Teenage Cancer Trust is the only UK charity providing specialised nursing care and support for young people with cancer. They’re here for anyone diagnosed with cancer aged 13-24, and their loved ones too.
The charity exists because cancer care wasn’t made for young people. Without the charity, a young person diagnosed with cancer today would find themselves lumped together with small children or much older adults.
You only get one chance at being young, and those years shape the person they become.
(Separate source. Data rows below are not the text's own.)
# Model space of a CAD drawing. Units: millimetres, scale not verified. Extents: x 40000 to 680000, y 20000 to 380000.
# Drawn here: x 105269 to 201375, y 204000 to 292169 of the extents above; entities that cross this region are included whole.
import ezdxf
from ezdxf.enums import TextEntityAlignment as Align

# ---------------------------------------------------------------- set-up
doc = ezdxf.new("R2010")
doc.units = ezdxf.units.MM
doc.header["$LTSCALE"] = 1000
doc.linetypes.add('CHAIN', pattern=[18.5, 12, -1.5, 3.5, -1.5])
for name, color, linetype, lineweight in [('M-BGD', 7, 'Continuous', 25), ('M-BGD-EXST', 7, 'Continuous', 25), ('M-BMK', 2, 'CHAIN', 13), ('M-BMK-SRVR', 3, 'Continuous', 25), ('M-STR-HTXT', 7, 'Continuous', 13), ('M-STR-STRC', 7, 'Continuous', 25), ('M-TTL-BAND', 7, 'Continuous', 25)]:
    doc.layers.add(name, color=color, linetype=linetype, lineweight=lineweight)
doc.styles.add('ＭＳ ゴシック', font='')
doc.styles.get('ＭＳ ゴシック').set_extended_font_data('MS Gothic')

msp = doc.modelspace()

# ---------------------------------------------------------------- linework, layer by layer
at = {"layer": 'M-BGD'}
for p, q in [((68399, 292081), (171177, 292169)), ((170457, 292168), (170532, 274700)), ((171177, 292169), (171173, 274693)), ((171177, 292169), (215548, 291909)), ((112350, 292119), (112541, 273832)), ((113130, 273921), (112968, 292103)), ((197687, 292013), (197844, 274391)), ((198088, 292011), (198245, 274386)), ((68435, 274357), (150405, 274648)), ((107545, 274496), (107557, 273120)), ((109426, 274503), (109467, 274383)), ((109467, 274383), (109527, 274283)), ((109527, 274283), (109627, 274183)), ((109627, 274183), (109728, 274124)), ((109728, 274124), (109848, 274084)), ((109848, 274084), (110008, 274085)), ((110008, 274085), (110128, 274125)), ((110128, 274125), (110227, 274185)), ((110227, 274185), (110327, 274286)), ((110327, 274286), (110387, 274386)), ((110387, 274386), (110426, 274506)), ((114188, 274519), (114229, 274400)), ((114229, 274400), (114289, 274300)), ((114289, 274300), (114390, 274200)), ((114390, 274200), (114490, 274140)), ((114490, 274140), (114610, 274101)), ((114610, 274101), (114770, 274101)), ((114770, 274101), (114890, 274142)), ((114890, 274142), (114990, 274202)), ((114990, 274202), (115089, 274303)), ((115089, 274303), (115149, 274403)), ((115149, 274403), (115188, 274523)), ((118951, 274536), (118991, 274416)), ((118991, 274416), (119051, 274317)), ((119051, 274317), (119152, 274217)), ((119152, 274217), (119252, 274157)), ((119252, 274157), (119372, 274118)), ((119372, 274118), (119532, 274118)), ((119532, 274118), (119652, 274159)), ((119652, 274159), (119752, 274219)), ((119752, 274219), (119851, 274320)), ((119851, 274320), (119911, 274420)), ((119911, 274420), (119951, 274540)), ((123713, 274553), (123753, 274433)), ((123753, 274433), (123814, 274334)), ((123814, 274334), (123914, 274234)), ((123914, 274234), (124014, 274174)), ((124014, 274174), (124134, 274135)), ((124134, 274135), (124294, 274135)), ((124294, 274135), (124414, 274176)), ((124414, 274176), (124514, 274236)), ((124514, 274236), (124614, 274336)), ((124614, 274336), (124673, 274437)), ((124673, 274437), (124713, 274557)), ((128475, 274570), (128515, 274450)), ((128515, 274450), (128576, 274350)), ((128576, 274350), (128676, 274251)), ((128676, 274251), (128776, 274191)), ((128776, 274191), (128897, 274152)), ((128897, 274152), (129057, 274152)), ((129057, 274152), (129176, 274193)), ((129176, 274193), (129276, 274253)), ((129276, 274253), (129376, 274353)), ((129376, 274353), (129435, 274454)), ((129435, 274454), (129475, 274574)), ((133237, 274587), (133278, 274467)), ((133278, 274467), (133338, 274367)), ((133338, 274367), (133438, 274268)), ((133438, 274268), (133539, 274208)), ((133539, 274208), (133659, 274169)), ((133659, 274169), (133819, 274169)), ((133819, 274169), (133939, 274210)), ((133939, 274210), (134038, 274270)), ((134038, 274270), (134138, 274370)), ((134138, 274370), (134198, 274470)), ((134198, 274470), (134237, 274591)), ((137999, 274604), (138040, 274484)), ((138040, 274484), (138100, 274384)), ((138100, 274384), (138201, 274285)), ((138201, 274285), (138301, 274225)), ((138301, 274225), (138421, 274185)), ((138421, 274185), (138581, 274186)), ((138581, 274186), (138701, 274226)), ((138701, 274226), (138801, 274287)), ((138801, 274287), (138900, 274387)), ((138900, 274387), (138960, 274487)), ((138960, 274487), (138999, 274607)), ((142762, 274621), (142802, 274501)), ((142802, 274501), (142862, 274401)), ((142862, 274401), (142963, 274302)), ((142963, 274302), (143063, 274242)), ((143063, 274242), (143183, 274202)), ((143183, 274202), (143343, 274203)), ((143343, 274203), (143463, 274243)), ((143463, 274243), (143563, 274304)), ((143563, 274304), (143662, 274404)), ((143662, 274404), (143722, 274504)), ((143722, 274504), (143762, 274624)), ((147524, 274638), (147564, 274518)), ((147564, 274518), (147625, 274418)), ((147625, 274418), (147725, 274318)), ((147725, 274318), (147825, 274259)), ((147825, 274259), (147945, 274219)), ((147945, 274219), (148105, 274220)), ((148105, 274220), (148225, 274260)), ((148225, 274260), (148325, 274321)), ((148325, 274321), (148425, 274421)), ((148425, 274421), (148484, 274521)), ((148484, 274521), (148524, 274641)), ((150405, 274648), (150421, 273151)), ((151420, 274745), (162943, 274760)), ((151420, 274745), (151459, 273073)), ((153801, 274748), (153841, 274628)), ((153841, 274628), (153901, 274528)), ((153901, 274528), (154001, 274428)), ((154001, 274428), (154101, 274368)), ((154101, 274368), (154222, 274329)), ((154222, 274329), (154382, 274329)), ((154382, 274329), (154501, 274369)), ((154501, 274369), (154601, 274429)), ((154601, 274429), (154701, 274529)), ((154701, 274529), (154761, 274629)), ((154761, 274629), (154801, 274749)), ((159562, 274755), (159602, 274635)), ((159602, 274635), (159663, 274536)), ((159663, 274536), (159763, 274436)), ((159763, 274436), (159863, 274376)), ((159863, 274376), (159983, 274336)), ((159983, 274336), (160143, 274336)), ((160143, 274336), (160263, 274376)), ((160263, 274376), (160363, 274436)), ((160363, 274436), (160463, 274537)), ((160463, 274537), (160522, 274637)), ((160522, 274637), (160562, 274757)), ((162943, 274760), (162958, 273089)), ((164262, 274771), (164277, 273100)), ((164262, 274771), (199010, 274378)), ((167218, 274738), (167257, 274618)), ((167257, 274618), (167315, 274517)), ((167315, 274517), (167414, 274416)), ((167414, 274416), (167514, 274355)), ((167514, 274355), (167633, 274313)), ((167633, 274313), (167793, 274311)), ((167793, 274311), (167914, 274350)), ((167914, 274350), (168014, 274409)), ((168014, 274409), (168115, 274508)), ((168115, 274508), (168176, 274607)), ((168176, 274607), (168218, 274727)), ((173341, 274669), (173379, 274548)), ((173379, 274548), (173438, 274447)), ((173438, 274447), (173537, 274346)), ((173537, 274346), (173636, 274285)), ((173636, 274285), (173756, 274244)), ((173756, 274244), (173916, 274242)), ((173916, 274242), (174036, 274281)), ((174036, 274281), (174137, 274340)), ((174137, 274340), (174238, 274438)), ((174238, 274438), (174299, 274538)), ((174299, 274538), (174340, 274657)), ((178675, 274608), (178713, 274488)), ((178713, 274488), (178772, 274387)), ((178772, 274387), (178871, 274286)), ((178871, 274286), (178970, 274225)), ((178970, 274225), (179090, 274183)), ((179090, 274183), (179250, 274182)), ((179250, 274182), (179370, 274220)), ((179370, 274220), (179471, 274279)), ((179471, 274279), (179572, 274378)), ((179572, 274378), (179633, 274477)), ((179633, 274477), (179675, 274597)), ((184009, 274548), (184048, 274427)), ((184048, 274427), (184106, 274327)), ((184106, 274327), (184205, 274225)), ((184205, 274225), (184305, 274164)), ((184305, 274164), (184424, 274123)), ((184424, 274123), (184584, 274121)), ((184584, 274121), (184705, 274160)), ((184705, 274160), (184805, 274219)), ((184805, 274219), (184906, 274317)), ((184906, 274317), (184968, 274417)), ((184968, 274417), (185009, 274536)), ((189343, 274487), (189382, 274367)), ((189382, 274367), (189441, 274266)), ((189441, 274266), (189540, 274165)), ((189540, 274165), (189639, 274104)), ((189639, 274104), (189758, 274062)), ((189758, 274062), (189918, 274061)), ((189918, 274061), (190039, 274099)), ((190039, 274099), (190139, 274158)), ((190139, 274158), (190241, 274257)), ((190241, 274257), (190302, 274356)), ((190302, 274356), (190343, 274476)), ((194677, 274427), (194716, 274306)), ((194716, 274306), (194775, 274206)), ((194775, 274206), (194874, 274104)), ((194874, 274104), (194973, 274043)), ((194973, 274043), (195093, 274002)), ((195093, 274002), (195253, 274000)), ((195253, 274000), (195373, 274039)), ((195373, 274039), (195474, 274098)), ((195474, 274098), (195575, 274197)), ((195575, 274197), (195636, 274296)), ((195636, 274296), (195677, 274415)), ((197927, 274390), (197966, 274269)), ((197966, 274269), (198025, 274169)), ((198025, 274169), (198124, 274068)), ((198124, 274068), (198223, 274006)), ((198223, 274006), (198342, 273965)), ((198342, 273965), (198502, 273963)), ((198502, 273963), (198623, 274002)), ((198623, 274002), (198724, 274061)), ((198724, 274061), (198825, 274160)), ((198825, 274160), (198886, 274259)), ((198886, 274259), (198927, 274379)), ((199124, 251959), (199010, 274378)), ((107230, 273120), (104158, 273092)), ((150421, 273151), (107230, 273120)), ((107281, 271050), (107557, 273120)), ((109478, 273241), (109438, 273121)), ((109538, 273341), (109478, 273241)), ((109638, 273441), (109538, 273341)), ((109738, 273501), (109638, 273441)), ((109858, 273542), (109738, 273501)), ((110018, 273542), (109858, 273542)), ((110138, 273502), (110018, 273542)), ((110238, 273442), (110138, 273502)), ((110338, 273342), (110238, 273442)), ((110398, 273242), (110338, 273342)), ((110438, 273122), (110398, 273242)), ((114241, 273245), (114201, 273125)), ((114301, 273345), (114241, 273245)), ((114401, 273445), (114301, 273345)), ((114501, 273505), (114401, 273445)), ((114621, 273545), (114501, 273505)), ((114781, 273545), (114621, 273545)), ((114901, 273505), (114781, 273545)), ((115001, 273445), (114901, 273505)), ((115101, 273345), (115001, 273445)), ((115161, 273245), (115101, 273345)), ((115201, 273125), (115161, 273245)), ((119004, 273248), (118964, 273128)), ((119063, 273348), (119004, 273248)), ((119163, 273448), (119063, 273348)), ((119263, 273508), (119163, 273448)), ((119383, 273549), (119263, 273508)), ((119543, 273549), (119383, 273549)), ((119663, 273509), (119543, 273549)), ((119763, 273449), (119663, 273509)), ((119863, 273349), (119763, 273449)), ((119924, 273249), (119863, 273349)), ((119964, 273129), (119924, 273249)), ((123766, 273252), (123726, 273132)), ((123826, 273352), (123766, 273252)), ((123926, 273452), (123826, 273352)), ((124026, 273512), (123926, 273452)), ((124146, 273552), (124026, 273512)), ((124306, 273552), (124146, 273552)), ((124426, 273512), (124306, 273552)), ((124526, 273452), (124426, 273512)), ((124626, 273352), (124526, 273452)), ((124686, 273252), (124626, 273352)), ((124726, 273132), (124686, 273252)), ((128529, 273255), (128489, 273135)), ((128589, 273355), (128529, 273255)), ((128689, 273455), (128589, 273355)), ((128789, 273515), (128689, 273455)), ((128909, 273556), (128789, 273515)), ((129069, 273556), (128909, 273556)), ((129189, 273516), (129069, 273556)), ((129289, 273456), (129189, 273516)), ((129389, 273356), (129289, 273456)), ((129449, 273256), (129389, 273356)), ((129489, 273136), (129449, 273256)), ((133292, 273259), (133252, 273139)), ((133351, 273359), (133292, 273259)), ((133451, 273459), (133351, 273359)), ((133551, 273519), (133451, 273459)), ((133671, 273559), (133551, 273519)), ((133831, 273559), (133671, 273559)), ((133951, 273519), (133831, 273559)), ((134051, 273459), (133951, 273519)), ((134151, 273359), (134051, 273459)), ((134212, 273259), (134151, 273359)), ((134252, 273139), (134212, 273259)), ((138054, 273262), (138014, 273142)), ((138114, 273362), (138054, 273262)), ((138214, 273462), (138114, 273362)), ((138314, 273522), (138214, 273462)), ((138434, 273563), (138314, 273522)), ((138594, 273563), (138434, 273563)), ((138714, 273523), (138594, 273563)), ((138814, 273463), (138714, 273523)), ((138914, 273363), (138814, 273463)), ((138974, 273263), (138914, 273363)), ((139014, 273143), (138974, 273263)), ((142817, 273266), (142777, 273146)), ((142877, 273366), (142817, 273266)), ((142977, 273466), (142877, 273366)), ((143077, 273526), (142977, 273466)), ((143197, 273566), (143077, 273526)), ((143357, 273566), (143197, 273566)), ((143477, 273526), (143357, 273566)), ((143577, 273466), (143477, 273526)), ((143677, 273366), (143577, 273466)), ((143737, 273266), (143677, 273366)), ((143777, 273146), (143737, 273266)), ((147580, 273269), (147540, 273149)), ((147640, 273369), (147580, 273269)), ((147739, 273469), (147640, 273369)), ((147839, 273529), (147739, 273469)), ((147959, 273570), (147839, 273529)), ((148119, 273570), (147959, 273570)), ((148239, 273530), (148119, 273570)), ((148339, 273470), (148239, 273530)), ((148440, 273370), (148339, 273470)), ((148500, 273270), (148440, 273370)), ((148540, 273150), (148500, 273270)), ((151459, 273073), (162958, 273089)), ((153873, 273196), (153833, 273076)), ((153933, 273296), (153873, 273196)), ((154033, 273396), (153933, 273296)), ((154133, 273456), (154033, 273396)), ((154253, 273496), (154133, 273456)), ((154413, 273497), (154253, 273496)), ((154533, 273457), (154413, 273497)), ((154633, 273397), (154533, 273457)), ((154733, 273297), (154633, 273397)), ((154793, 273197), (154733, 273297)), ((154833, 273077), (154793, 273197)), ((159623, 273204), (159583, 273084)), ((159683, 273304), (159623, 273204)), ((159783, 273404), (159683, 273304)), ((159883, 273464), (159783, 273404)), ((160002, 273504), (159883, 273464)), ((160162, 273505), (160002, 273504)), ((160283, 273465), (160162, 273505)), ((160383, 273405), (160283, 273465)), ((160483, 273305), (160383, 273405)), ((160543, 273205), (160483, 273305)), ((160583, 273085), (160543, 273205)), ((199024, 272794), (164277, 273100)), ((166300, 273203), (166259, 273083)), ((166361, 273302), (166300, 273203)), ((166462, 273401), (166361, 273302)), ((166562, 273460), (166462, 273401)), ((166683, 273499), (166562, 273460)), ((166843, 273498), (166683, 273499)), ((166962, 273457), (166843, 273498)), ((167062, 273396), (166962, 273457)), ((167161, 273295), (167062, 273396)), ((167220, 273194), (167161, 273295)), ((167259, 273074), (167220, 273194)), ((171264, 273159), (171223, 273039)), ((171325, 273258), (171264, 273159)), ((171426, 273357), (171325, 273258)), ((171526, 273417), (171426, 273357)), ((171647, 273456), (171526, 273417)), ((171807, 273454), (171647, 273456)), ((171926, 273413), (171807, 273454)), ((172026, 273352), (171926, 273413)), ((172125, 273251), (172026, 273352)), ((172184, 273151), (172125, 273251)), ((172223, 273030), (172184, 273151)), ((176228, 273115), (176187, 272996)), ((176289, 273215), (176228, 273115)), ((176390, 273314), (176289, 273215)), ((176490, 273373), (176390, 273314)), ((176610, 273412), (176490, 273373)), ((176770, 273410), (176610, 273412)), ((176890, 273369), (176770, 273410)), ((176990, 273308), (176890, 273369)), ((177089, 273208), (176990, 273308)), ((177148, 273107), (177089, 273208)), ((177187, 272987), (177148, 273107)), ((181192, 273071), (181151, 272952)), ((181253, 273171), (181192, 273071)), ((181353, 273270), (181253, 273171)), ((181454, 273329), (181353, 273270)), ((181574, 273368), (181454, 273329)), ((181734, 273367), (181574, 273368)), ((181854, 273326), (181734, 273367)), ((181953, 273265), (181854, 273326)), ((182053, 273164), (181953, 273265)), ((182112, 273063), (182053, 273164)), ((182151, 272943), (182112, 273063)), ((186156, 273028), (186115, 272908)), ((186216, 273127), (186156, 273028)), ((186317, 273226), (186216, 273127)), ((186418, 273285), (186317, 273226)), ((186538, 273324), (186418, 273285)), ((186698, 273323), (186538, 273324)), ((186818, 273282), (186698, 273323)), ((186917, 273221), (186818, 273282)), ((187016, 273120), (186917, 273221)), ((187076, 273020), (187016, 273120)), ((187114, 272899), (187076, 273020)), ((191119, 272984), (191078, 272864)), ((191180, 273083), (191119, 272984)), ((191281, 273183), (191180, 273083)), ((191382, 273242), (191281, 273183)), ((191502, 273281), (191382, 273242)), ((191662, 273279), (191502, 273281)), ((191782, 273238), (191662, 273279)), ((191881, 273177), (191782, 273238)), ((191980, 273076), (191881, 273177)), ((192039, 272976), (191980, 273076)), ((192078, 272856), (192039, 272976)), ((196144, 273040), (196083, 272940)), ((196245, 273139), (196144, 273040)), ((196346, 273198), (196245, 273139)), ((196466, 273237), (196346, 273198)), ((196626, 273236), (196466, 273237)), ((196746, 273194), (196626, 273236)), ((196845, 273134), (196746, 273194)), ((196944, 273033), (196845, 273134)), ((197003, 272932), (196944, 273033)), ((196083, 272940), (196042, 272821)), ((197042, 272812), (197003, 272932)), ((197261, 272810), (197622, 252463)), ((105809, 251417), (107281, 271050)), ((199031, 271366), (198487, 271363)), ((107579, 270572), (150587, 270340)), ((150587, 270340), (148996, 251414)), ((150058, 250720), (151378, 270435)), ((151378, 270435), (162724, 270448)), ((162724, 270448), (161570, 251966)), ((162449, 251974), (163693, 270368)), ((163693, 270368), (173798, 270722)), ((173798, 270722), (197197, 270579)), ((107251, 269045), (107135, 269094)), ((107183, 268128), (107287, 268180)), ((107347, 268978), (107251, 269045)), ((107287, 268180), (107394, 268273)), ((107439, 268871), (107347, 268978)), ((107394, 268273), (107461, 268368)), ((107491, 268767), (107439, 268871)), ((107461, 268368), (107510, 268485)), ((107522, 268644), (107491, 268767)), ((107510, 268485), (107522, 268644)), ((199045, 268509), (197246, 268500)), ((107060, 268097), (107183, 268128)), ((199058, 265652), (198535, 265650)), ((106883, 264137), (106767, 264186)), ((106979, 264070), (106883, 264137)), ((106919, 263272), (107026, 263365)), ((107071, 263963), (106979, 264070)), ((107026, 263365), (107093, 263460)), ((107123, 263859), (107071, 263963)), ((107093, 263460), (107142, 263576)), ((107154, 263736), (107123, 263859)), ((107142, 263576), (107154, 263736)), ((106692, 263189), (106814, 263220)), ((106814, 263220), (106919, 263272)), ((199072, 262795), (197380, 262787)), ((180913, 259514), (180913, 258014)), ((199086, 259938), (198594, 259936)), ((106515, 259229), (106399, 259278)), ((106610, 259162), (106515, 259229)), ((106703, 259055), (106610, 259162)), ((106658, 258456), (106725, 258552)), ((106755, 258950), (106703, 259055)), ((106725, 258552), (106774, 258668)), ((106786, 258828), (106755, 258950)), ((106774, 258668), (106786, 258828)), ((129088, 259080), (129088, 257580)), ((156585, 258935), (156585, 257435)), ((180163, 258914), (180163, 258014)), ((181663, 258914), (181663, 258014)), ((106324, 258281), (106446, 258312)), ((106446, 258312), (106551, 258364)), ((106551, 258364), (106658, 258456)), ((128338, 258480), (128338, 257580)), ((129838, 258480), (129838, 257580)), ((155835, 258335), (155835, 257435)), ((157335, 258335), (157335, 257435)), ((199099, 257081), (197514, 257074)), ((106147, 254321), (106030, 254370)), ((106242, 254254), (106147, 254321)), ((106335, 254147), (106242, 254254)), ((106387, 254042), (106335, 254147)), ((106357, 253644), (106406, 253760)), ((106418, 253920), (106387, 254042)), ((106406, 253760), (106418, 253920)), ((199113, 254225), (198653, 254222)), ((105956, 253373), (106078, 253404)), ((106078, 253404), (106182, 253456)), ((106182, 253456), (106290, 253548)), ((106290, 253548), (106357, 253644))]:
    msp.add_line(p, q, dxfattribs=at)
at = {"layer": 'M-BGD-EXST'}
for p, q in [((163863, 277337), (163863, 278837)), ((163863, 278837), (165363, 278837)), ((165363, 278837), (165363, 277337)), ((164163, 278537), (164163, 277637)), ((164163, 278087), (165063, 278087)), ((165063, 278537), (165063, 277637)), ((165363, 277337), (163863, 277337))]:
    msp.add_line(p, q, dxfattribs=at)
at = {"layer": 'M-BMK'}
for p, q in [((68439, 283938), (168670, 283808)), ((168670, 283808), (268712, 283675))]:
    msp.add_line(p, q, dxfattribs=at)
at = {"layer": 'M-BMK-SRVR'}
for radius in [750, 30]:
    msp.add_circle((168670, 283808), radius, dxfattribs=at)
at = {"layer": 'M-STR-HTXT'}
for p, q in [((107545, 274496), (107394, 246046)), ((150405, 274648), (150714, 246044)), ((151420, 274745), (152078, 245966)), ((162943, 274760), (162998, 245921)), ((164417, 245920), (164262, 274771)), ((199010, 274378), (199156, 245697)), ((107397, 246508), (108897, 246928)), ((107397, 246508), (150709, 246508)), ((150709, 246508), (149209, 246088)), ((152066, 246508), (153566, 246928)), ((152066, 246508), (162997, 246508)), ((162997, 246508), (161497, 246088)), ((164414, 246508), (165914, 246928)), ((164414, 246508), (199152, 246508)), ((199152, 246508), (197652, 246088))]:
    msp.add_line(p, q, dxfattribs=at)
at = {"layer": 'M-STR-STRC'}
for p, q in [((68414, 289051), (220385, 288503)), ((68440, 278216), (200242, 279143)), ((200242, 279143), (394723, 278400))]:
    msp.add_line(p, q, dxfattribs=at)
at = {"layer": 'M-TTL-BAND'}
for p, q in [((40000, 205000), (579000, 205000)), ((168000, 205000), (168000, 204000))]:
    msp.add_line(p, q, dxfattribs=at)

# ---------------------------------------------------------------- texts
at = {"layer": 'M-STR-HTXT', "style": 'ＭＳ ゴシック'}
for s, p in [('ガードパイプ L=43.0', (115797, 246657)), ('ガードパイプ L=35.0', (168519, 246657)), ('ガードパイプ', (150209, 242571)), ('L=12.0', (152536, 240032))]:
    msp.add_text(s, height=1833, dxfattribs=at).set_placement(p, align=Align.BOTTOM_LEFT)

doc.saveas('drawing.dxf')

Friendships, mental health, body image, studies, work, relationships and choices about the future are hard enough to navigate – before a cancer diagnosis shatters everything.
Teenage Cancer Trust provides the sensitive, individual care and support young people need at the toughest and scariest time they’ve ever faced – so they can get through cancer, rebuild their life and shape their own future.
In Scotland, Teenage Cancer Trust have specialist units at the Royal Hospital for Children and The Beatson West of Scotland Cancer Centre in Glasgow, and at the Royal Hospital for Children and Young People and Western General Hospital in Edinburgh.
The charity also funds a national Lead Nurse for Scotland in partnership with the Managed Service Network for Children and Young People with Cancer.
And Teenage Cancer Trust works in the Scottish Parliament, and as part of the Scottish Cancer Coalition, to ensure cancer remains a policy priority for the Scottish Government and that the needs of young people with cancer are represented.